→ **Work instructions**: Return, exactly and in full, the lines of the records below starting at the one with "#99=EDGE_CURVE('E78',#98,#98,#96,.T.);" and ending at the one with "#129=DIRECTION('',(0.,0.,1.));", and no other lines.

(Data Opens)

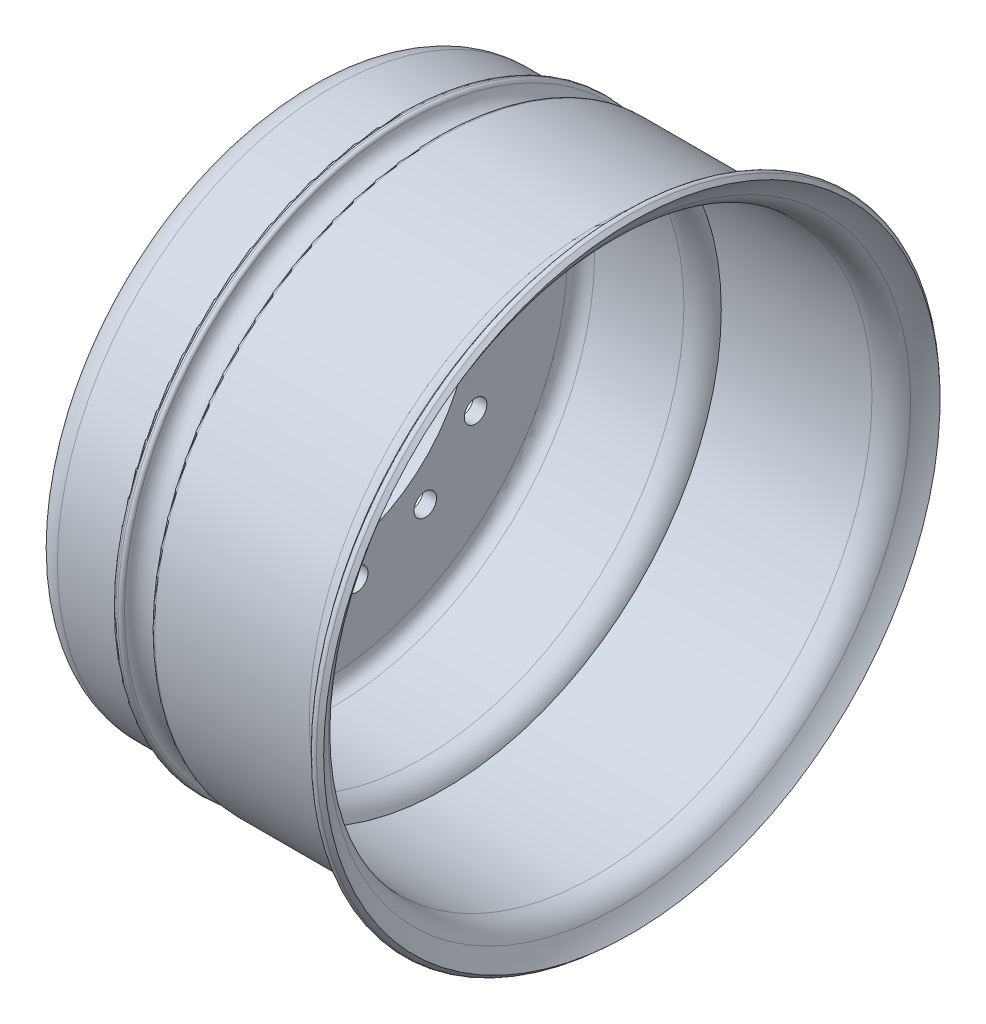
ISO-10303-21;
HEADER;
FILE_DESCRIPTION(('STEP AP214'),'2;1');
FILE_NAME('part.step','',(''),(''),'','','');
FILE_SCHEMA(('AUTOMOTIVE_DESIGN { 1 0 10303 214 1 1 1 1 }'));
ENDSEC;
DATA;
#1=APPLICATION_CONTEXT('core data for automotive mechanical design processes');
#2=APPLICATION_PROTOCOL_DEFINITION('international standard','automotive_design',2000,#1);
#3=PRODUCT_CONTEXT('',#1,'mechanical');
#4=PRODUCT('Part','Part','',(#3));
#5=PRODUCT_RELATED_PRODUCT_CATEGORY('part','',(#4));
#6=PRODUCT_DEFINITION_FORMATION('','',#4);
#7=PRODUCT_DEFINITION_CONTEXT('part definition',#1,'design');
#8=PRODUCT_DEFINITION('design','',#6,#7);
#9=PRODUCT_DEFINITION_SHAPE('','',#8);
#10=(LENGTH_UNIT() NAMED_UNIT(*) SI_UNIT(.MILLI.,.METRE.));
#11=(NAMED_UNIT(*) PLANE_ANGLE_UNIT() SI_UNIT($,.RADIAN.));
#12=(NAMED_UNIT(*) SI_UNIT($,.STERADIAN.) SOLID_ANGLE_UNIT());
#13=UNCERTAINTY_MEASURE_WITH_UNIT(LENGTH_MEASURE(1.E-05),#10,'distance_accuracy_value','');
#14=(GEOMETRIC_REPRESENTATION_CONTEXT(3) GLOBAL_UNCERTAINTY_ASSIGNED_CONTEXT((#13)) GLOBAL_UNIT_ASSIGNED_CONTEXT((#10,
#11,#12)) REPRESENTATION_CONTEXT('',''));
#15=CARTESIAN_POINT('',(0.,0.,0.));
#16=DIRECTION('',(0.,0.,1.));
#17=DIRECTION('',(1.,0.,0.));
#18=AXIS2_PLACEMENT_3D('',#15,#16,#17);
#19=CARTESIAN_POINT('',(0.,0.,0.));
#20=DIRECTION('',(-1.,0.,0.));
#21=DIRECTION('',(0.,0.,1.));
#22=AXIS2_PLACEMENT_3D('',#19,#20,#21);
#23=CYLINDRICAL_SURFACE('',#22,174.);
#24=CARTESIAN_POINT('',(-43.4076768123257,0.,0.));
#25=DIRECTION('',(-1.,0.,0.));
#26=DIRECTION('',(0.,0.,1.));
#27=AXIS2_PLACEMENT_3D('',#24,#25,#26);
#28=CIRCLE('',#27,174.);
#29=CARTESIAN_POINT('',(-43.4076768123257,0.,174.));
#30=VERTEX_POINT('',#29);
#31=EDGE_CURVE('E68',#30,#30,#28,.T.);
#32=ORIENTED_EDGE('',*,*,#31,.T.);
#33=EDGE_LOOP('',(#32));
#34=FACE_BOUND('',#33,.T.);
#35=CARTESIAN_POINT('',(16.,0.,0.));
#36=DIRECTION('',(-1.,0.,0.));
#37=DIRECTION('',(0.,0.,1.));
#38=AXIS2_PLACEMENT_3D('',#35,#36,#37);
#39=CIRCLE('',#38,174.);
#40=CARTESIAN_POINT('',(16.,0.,174.));
#41=VERTEX_POINT('',#40);
#42=EDGE_CURVE('E64',#41,#41,#39,.T.);
#43=ORIENTED_EDGE('',*,*,#42,.F.);
#44=EDGE_LOOP('',(#43));
#45=FACE_BOUND('',#44,.T.);
#46=ADVANCED_FACE('F32',(#34,#45),#23,.F.);
#47=CARTESIAN_POINT('',(16.,0.,0.));
#48=DIRECTION('',(-1.,0.,0.));
#49=DIRECTION('',(0.,0.,1.));
#50=AXIS2_PLACEMENT_3D('',#47,#48,#49);
#51=TOROIDAL_SURFACE('',#50,190.,16.);
#52=CARTESIAN_POINT('',(30.8323969741913,0.,0.));
#53=DIRECTION('',(-1.,0.,0.));
#54=DIRECTION('',(0.,0.,1.));
#55=AXIS2_PLACEMENT_3D('',#52,#53,#54);
#56=CIRCLE('',#55,184.);
#57=CARTESIAN_POINT('',(30.8323969741913,0.,184.));
#58=VERTEX_POINT('',#57);
#59=EDGE_CURVE('E72',#58,#58,#56,.T.);
#60=ORIENTED_EDGE('',*,*,#59,.F.);
#61=EDGE_LOOP('',(#60));
#62=FACE_BOUND('',#61,.T.);
#63=ORIENTED_EDGE('',*,*,#42,.T.);
#64=EDGE_LOOP('',(#63));
#65=FACE_BOUND('',#64,.T.);
#66=ADVANCED_FACE('F252',(#62,#65),#51,.T.);
#67=CARTESIAN_POINT('',(0.,0.,0.));
#68=DIRECTION('',(-1.,0.,0.));
#69=DIRECTION('',(0.,0.,1.));
#70=AXIS2_PLACEMENT_3D('',#67,#68,#69);
#71=CYLINDRICAL_SURFACE('',#70,184.);
#72=CARTESIAN_POINT('',(131.,0.,0.));
#73=DIRECTION('',(-1.,0.,0.));
#74=DIRECTION('',(0.,0.,1.));
#75=AXIS2_PLACEMENT_3D('',#72,#73,#74);
#76=CIRCLE('',#75,184.);
#77=CARTESIAN_POINT('',(131.,0.,184.));
#78=VERTEX_POINT('',#77);
#79=EDGE_CURVE('E75',#78,#78,#76,.T.);
#80=ORIENTED_EDGE('',*,*,#79,.F.);
#81=EDGE_LOOP('',(#80));
#82=FACE_BOUND('',#81,.T.);
#83=ORIENTED_EDGE('',*,*,#59,.T.);
#84=EDGE_LOOP('',(#83));
#85=FACE_BOUND('',#84,.T.);
#86=ADVANCED_FACE('F257',(#82,#85),#71,.F.);
#87=CARTESIAN_POINT('',(131.,0.,0.));
#88=DIRECTION('',(-1.,0.,0.));
#89=DIRECTION('',(0.,0.,1.));
#90=AXIS2_PLACEMENT_3D('',#87,#88,#89);
#91=TOROIDAL_SURFACE('',#90,202.5,18.5);
#92=CARTESIAN_POINT('',(147.150740079478,0.,0.));
#93=DIRECTION('',(-1.,0.,0.));
#94=DIRECTION('',(0.,0.,1.));
#95=AXIS2_PLACEMENT_3D('',#92,#93,#94);
#96=CIRCLE('',#95,193.477605922753);
#97=CARTESIAN_POINT('',(147.150740079478,0.,193.477605922753));
#98=VERTEX_POINT('',#97);
#99=EDGE_CURVE('E78',#98,#98,#96,.T.);
#100=ORIENTED_EDGE('',*,*,#99,.F.);
#101=EDGE_LOOP('',(#100));
#102=FACE_BOUND('',#101,.T.);
#103=ORIENTED_EDGE('',*,*,#79,.T.);
#104=EDGE_LOOP('',(#103));
#105=FACE_BOUND('',#104,.T.);
#106=ADVANCED_FACE('F263',(#102,#105),#91,.T.);
#107=CARTESIAN_POINT('',(198.658505738355,0.,0.));
#108=DIRECTION('',(-1.,0.,0.));
#109=DIRECTION('',(0.,0.,1.));
#110=AXIS2_PLACEMENT_3D('',#107,#108,#109);
#111=TOROIDAL_SURFACE('',#110,164.703484270994,59.);
#112=CARTESIAN_POINT('',(155.39924668354,0.,0.));
#113=DIRECTION('',(-1.,0.,0.));
#114=DIRECTION('',(0.,0.,1.));
#115=AXIS2_PLACEMENT_3D('',#112,#113,#114);
#116=CIRCLE('',#115,204.823759768907);
#117=CARTESIAN_POINT('',(155.39924668354,0.,204.823759768907));
#118=VERTEX_POINT('',#117);
#119=EDGE_CURVE('E81',#118,#118,#116,.T.);
#120=ORIENTED_EDGE('',*,*,#119,.F.);
#121=EDGE_LOOP('',(#120));
#122=FACE_BOUND('',#121,.T.);
#123=ORIENTED_EDGE('',*,*,#99,.T.);
#124=EDGE_LOOP('',(#123));
#125=FACE_BOUND('',#124,.T.);
#126=ADVANCED_FACE('F313',(#122,#125),#111,.F.);
#127=CARTESIAN_POINT('',(151.,0.,0.));
#128=DIRECTION('',(-1.,0.,0.));
#129=DIRECTION('',(0.,0.,1.));
#130=AXIS2_PLACEMENT_3D('',#127,#128,#129);
#131=CONICAL_SURFACE('',#130,208.903787785644,0.747769003171668);
#132=CARTESIAN_POINT('',(152.869694516403,0.,0.));
#133=DIRECTION('',(1.,0.,0.));
#134=DIRECTION('',(0.,0.,-1.));
#135=AXIS2_PLACEMENT_3D('',#132,#133,#134);
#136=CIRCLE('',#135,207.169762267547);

(Data Closes)

→ **Response area**:
#99=EDGE_CURVE('E78',#98,#98,#96,.T.);
#100=ORIENTED_EDGE('',*,*,#99,.F.);
#101=EDGE_LOOP('',(#100));
#102=FACE_BOUND('',#101,.T.);
#103=ORIENTED_EDGE('',*,*,#79,.T.);
#104=EDGE_LOOP('',(#103));
#105=FACE_BOUND('',#104,.T.);
#106=ADVANCED_FACE('F263',(#102,#105),#91,.T.);
#107=CARTESIAN_POINT('',(198.658505738355,0.,0.));
#108=DIRECTION('',(-1.,0.,0.));
#109=DIRECTION('',(0.,0.,1.));
#110=AXIS2_PLACEMENT_3D('',#107,#108,#109);
#111=TOROIDAL_SURFACE('',#110,164.703484270994,59.);
#112=CARTESIAN_POINT('',(155.39924668354,0.,0.));
#113=DIRECTION('',(-1.,0.,0.));
#114=DIRECTION('',(0.,0.,1.));
#115=AXIS2_PLACEMENT_3D('',#112,#113,#114);
#116=CIRCLE('',#115,204.823759768907);
#117=CARTESIAN_POINT('',(155.39924668354,0.,204.823759768907));
#118=VERTEX_POINT('',#117);
#119=EDGE_CURVE('E81',#118,#118,#116,.T.);
#120=ORIENTED_EDGE('',*,*,#119,.F.);
#121=EDGE_LOOP('',(#120));
#122=FACE_BOUND('',#121,.T.);
#123=ORIENTED_EDGE('',*,*,#99,.T.);
#124=EDGE_LOOP('',(#123));
#125=FACE_BOUND('',#124,.T.);
#126=ADVANCED_FACE('F313',(#122,#125),#111,.F.);
#127=CARTESIAN_POINT('',(151.,0.,0.));
#128=DIRECTION('',(-1.,0.,0.));
#129=DIRECTION('',(0.,0.,1.));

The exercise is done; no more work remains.